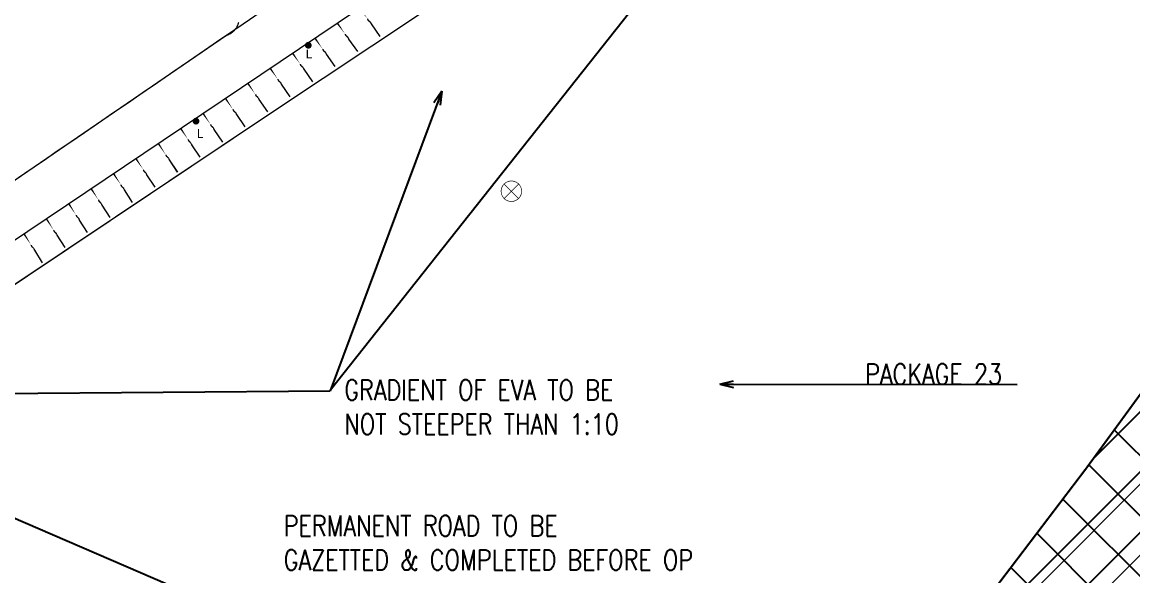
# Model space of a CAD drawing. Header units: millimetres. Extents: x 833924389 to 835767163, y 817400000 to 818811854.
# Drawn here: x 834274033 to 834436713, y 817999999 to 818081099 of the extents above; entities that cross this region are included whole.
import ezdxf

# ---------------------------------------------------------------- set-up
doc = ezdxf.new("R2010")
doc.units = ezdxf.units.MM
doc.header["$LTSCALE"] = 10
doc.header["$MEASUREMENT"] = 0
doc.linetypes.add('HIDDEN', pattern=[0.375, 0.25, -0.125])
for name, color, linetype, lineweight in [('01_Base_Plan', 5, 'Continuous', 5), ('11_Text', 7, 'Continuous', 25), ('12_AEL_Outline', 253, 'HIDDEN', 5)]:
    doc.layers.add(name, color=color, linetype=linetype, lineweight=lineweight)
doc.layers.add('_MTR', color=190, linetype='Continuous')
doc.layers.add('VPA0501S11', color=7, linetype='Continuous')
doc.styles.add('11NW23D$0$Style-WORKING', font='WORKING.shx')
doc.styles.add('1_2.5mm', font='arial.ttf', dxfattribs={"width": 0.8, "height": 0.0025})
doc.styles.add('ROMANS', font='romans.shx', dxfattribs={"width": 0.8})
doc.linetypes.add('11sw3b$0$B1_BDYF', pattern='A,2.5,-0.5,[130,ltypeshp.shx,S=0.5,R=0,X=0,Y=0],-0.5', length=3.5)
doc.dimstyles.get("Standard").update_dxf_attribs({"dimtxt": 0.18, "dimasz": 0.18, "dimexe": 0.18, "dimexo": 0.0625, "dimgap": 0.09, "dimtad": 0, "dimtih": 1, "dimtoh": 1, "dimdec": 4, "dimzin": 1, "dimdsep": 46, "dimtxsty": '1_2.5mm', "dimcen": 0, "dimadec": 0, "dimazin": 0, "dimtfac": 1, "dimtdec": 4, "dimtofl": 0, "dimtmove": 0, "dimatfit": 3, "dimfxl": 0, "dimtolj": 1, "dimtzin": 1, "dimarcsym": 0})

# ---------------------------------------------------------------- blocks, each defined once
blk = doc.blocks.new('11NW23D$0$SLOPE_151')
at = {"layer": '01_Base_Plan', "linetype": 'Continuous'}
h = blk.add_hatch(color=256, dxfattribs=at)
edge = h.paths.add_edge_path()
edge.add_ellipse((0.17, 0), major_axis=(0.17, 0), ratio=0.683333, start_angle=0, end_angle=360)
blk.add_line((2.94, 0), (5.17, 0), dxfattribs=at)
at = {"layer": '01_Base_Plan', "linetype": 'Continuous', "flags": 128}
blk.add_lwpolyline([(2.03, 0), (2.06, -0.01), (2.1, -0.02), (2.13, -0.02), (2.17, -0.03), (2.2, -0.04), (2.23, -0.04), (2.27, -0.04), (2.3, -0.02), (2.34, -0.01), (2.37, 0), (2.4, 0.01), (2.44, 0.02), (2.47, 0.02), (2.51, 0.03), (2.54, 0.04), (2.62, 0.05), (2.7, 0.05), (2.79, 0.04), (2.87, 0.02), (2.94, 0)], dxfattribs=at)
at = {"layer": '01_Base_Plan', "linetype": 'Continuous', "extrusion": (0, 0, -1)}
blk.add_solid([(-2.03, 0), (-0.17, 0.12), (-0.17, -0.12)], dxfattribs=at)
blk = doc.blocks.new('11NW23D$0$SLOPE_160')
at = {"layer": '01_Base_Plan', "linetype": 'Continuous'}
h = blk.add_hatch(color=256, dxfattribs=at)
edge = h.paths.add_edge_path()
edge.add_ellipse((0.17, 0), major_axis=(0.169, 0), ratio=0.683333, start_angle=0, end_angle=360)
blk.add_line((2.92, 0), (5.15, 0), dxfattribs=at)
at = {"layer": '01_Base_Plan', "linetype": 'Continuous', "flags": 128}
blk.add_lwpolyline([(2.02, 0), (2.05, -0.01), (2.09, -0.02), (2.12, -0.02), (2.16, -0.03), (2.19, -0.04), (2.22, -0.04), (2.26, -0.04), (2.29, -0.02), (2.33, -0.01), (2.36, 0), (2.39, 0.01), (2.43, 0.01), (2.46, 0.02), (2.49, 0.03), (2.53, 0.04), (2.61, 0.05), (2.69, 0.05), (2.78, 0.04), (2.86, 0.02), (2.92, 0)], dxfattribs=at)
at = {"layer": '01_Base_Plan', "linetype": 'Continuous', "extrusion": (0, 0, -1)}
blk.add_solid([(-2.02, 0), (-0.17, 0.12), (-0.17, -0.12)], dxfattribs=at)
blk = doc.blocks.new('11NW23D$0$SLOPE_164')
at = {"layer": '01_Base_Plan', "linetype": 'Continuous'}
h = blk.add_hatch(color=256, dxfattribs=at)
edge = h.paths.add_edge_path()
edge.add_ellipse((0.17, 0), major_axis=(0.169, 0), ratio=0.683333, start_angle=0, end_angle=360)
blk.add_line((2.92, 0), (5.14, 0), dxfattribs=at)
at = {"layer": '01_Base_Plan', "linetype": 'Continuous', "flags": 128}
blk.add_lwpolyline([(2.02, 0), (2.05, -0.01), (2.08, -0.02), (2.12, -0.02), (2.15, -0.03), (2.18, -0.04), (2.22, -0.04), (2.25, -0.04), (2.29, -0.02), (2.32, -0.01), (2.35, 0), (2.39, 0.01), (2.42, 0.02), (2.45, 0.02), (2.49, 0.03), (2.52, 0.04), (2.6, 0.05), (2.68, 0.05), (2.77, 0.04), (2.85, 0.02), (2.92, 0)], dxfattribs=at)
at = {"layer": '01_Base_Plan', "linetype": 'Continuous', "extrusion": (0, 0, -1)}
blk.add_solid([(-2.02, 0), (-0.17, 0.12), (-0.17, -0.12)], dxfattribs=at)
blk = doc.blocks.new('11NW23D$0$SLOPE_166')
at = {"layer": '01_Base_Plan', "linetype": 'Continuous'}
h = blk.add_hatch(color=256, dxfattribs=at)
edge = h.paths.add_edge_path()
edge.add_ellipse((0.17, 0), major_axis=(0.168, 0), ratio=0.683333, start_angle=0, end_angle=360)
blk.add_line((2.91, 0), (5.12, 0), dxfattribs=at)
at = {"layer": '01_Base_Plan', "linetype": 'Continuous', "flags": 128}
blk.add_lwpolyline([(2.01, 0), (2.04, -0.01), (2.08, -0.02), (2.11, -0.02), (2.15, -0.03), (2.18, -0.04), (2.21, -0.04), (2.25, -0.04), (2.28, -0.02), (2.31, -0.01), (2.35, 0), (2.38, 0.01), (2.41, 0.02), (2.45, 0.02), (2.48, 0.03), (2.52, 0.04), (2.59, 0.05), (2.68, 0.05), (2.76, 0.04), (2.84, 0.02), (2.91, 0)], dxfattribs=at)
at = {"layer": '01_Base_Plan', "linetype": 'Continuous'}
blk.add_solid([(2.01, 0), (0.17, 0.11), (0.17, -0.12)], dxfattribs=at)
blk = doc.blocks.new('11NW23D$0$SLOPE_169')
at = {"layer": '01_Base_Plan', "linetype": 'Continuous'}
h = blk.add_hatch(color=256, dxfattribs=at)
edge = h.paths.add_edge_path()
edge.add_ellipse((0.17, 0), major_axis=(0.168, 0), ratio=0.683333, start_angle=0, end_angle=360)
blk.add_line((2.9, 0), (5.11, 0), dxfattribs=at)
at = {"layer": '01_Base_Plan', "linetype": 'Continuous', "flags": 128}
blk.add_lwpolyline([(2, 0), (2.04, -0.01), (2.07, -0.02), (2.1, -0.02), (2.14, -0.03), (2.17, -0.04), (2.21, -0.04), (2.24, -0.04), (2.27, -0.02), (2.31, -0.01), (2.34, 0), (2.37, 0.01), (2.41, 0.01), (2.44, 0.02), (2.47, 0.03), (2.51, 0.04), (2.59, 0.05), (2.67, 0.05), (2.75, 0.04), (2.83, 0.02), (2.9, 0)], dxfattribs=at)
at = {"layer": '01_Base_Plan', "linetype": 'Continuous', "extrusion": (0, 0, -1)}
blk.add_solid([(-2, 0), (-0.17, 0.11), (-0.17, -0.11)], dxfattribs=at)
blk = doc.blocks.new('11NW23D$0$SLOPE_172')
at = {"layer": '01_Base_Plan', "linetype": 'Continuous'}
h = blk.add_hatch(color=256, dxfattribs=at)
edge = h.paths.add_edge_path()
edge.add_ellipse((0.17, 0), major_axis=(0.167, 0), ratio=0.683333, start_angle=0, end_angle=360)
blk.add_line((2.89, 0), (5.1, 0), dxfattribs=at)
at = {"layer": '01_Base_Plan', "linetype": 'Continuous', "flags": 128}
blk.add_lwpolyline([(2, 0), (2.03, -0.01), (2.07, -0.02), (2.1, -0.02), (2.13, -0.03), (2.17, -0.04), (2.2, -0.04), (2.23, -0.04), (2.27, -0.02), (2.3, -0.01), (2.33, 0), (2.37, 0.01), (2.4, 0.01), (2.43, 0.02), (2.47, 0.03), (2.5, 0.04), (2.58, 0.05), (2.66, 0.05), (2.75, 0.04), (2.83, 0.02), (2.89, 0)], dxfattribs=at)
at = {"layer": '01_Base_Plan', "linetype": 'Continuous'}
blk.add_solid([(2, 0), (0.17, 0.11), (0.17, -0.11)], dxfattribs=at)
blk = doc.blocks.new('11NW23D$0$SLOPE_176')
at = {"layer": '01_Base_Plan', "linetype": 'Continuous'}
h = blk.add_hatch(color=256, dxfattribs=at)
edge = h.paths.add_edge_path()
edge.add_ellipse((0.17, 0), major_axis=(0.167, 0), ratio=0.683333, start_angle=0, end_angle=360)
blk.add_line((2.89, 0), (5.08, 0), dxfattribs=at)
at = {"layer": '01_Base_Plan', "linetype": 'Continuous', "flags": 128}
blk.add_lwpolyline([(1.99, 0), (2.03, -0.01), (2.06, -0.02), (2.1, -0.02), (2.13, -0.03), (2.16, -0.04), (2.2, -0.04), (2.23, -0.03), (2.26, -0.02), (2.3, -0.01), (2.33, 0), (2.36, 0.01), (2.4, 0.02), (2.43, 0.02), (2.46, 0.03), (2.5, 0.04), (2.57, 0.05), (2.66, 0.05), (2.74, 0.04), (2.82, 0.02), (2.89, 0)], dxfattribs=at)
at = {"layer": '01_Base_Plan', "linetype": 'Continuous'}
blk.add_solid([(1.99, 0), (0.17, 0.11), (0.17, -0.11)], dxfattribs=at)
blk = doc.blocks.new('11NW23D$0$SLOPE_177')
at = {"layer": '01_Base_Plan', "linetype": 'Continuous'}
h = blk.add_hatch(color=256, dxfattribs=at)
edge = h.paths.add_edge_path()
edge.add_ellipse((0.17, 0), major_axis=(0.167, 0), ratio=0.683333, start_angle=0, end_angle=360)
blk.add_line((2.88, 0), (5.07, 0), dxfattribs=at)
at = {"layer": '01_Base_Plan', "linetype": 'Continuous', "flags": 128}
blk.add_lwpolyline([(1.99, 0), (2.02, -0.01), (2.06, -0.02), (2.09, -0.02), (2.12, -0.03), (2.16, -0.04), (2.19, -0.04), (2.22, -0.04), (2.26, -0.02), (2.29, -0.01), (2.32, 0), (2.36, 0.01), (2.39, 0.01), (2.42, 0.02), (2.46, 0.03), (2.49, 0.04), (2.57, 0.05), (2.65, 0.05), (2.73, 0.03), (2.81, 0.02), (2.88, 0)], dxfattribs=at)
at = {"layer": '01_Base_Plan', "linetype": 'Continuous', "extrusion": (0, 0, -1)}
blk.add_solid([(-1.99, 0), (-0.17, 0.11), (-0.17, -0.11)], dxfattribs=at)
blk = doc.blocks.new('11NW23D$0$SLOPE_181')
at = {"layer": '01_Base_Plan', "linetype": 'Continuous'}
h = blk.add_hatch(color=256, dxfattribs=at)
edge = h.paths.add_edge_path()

Work request: Send back an exact copy of only the lines from the line with "# Drawn here: x" up to and including the line with "doc.styles.add('11NW23D$0$Style-WORKING', font='WORKING.shx')" in the data above.

Task answer:
# Drawn here: x 834274033 to 834436713, y 817999999 to 818081099 of the extents above; entities that cross this region are included whole.
import ezdxf

# ---------------------------------------------------------------- set-up
doc = ezdxf.new("R2010")
doc.units = ezdxf.units.MM
doc.header["$LTSCALE"] = 10
doc.header["$MEASUREMENT"] = 0
doc.linetypes.add('HIDDEN', pattern=[0.375, 0.25, -0.125])
for name, color, linetype, lineweight in [('01_Base_Plan', 5, 'Continuous', 5), ('11_Text', 7, 'Continuous', 25), ('12_AEL_Outline', 253, 'HIDDEN', 5)]:
    doc.layers.add(name, color=color, linetype=linetype, lineweight=lineweight)
doc.layers.add('_MTR', color=190, linetype='Continuous')
doc.layers.add('VPA0501S11', color=7, linetype='Continuous')
doc.styles.add('11NW23D$0$Style-WORKING', font='WORKING.shx')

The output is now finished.